- [ASSIGNED TASK]
Whenever a line in the entries below includes the string "Inport", count that line. Report the total alone.

- [SUPPLIED DATA]
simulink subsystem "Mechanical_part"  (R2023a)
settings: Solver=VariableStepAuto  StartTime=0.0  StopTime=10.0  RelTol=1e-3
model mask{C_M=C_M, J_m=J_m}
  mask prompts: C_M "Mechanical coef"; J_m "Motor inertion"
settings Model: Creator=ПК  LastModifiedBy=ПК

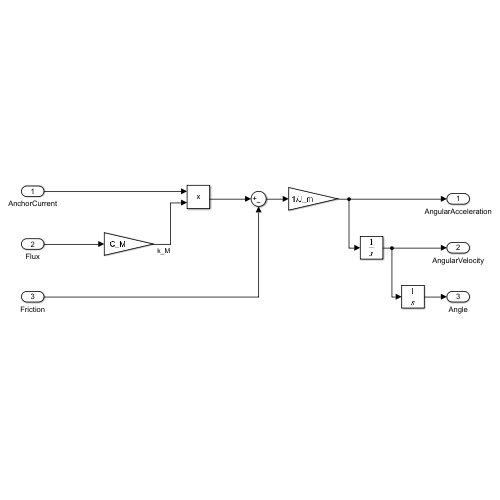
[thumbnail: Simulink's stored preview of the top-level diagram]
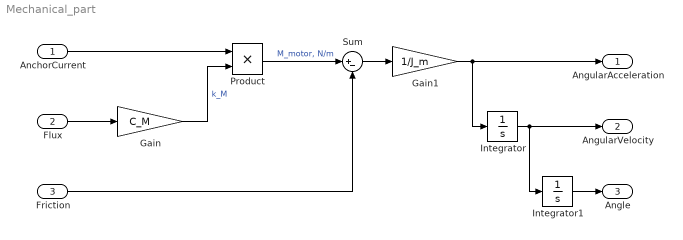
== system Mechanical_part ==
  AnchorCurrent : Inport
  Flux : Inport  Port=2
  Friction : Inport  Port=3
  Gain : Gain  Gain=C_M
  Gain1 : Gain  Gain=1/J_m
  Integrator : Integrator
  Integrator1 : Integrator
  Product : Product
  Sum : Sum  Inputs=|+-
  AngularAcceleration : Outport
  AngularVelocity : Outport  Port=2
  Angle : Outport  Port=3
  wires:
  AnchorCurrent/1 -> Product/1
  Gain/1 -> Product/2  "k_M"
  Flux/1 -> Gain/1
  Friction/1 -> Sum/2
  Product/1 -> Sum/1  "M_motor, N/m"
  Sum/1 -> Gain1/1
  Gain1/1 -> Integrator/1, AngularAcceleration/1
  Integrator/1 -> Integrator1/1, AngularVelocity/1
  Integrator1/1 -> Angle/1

- [WRITTEN RESPONSE]
3